The observed sunlike signatures in the climate system leave us with the feeling that perhaps the old assumption of “equivalence” between the sun’s energy input to the earth and the added energy due to increased greenhouse gases is false. The facts are these: The sun’s rainbow comes in many colors; the sun emits energetic particles; and both are variable in time, space, and frequency. Obviously the different components of the earth’s atmosphere and surface respond to different aspects of the sun’s diverse energy outflows.

Incidentally, knowledge of mechanisms of sun-caused climate change other than total irradiance would rebound through the issue of detecting the fingerprint of human activity on climate. But detecting whether the fingerprint is ours or Mother Nature’s requires knowing all the relevant factors and considering them simultaneously in a model. Once such a model is verified, then and only then can fingerprints for each suspect be identified.

But the case of the sun remains unsolved, so the mechanisms of climate change are not fully known. And the models are unverified. So conclusive fingerprinting isn’t possible.

Almost 200 years ago, Herschel made a very modern speculation on the influence of the sunspots on the climate of the earth. It remains to be seen what the mechanism(s) of solar change and its (their) climate response are.

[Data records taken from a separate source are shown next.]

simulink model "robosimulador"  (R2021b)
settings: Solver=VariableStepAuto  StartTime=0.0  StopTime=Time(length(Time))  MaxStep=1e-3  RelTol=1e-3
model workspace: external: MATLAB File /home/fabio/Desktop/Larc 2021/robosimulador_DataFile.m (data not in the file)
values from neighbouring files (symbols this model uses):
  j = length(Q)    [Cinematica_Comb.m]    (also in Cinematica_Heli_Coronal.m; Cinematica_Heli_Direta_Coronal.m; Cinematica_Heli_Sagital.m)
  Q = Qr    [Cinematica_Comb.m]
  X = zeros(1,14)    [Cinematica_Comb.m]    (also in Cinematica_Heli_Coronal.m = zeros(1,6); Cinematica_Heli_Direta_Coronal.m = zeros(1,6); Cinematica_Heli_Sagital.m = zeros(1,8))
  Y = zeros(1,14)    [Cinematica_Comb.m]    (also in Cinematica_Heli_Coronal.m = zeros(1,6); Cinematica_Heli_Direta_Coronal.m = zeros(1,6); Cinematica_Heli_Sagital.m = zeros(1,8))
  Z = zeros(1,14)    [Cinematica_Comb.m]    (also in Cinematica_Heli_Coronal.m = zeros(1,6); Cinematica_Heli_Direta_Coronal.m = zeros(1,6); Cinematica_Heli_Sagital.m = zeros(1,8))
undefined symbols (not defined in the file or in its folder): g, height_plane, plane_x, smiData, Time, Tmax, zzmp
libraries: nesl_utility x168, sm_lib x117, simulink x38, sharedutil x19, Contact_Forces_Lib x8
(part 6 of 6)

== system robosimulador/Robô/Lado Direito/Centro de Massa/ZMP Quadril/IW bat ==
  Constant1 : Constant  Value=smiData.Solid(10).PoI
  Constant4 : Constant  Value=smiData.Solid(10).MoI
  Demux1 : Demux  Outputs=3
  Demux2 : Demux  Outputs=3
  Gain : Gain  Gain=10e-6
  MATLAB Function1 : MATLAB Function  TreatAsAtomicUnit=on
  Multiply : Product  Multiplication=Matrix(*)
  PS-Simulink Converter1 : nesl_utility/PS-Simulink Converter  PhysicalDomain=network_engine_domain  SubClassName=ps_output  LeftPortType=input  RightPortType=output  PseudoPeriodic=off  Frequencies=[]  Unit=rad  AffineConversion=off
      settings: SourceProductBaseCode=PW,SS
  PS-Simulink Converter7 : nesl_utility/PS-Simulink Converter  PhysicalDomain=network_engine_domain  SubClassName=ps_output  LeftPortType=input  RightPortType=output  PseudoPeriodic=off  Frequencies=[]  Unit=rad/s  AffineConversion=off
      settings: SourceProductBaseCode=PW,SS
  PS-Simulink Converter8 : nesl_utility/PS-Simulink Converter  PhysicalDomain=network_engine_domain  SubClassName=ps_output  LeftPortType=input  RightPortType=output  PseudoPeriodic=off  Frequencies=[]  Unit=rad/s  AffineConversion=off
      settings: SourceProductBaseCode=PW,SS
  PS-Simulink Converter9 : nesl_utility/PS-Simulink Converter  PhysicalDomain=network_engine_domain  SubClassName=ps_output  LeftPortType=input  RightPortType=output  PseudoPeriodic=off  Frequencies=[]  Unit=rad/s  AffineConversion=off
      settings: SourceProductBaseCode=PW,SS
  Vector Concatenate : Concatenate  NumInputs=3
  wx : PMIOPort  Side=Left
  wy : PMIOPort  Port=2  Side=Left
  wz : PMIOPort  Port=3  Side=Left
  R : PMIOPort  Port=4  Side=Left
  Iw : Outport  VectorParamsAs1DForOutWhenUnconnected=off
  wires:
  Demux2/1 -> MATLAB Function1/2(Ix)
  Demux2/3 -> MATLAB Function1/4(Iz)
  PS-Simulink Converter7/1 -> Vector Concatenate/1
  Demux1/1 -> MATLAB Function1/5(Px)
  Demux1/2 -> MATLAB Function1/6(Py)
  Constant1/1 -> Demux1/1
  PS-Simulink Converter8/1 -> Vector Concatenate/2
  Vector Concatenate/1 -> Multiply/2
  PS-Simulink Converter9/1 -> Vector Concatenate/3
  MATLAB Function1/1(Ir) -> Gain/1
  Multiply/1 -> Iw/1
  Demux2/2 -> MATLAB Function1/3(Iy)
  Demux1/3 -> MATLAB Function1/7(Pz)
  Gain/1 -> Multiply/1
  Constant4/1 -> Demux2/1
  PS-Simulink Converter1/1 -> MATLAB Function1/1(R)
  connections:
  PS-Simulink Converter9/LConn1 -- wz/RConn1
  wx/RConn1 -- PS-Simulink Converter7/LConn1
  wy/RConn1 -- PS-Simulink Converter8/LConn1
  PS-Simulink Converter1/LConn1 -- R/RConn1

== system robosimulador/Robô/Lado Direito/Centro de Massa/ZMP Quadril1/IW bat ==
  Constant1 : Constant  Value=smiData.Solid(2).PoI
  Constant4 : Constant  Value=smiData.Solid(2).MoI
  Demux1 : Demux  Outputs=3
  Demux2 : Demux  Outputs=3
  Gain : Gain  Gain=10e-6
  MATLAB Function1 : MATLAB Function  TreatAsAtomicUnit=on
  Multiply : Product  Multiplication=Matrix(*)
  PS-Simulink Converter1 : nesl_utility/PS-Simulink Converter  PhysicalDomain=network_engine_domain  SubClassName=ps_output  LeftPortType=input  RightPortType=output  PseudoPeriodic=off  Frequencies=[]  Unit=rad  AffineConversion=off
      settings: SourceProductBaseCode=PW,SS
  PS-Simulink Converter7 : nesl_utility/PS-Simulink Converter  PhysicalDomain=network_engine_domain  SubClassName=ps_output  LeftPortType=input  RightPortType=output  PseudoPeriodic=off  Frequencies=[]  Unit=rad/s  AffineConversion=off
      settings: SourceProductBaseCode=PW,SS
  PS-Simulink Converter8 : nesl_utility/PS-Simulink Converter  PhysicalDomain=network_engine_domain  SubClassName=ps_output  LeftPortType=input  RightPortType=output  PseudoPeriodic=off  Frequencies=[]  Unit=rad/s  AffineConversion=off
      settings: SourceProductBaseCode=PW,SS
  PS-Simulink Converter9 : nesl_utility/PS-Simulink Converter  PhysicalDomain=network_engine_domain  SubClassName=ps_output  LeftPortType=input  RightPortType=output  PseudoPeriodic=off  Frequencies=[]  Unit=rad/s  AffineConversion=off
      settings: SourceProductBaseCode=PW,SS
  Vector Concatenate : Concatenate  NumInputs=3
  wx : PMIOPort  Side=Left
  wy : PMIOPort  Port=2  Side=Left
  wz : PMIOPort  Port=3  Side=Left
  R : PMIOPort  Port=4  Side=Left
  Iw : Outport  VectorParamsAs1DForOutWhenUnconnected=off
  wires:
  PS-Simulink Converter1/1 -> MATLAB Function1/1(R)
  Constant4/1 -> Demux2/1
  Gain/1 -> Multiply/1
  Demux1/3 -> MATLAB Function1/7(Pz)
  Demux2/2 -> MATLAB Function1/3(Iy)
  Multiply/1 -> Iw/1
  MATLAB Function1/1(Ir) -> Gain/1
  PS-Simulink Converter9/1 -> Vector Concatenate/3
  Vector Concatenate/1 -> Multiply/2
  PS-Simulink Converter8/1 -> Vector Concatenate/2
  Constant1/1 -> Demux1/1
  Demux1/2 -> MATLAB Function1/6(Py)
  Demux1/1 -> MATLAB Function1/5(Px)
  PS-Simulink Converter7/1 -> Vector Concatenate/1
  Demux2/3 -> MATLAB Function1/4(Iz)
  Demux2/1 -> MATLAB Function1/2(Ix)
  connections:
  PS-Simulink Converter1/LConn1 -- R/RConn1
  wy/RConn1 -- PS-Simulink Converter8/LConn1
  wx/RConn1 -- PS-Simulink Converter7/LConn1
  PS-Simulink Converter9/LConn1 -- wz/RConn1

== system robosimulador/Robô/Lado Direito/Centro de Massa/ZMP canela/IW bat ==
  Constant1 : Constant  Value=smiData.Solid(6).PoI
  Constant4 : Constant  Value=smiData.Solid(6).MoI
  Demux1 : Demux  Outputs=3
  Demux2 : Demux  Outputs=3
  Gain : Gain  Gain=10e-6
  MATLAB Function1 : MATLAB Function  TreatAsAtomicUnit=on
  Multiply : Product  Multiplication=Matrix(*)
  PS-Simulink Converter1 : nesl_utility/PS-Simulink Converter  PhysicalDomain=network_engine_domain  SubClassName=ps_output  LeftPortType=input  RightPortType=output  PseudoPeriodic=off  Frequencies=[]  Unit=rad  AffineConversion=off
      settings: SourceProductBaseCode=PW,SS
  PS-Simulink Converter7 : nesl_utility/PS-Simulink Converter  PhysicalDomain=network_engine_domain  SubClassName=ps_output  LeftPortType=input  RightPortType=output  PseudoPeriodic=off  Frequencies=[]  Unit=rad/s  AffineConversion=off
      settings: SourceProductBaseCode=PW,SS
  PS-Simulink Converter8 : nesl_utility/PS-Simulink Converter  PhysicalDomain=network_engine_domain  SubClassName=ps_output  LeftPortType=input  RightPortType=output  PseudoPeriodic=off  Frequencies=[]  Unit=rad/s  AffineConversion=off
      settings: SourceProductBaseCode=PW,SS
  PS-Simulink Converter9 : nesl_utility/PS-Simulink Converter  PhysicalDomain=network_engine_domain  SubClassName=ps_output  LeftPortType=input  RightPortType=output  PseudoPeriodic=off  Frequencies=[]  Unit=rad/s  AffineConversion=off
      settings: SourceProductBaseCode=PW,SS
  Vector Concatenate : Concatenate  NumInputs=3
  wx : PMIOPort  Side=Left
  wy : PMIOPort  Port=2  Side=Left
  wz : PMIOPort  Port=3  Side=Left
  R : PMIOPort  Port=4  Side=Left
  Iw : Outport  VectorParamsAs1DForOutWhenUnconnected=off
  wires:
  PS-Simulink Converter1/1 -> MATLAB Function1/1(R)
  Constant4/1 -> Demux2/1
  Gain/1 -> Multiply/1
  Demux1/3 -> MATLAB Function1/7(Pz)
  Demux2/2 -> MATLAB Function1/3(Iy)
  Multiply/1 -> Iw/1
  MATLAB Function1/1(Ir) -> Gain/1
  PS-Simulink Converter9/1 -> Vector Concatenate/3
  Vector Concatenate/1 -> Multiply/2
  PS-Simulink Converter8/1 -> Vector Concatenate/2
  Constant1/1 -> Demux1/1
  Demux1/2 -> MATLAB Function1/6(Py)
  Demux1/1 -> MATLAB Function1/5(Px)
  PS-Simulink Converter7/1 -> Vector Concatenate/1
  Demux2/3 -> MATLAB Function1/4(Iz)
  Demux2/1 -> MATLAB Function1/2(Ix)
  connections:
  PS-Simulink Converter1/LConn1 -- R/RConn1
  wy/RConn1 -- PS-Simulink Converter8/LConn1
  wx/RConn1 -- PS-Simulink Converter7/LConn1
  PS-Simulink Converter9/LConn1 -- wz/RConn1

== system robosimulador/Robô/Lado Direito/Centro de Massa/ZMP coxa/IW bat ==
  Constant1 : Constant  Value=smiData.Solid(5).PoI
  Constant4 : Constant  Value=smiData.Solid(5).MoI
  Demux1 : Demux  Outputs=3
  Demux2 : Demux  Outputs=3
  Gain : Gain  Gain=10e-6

But studying sunlight is essential to creating the best climate simulations possible. As Herschel himself put it:

A constant observation of the sun with this view, and a proper information respecting the general mildness or severity of the seasons, in all parts of the world, may bring this theory to perfection or refute it if it be not well founded.

References:

Herschel, W. (1801). Observations tending to investigate the nature of the sun in order to find the causes or symptoms of its variable emission of light and heat. Philosophical Transactions, 91, 265.

K. Labitzke (1987). Sunspots, the QBO, and the stratospheric temperature in the North Polar region. Geophysical Research Letters, 14, 535.

Soon, W., et al. (1996). Inference of solar irradiance variability from Terrestrial Temperature Changes, 1880–1993: an astrophysical application of the sun-climate connection. Astrophysical Journal, 472, 891.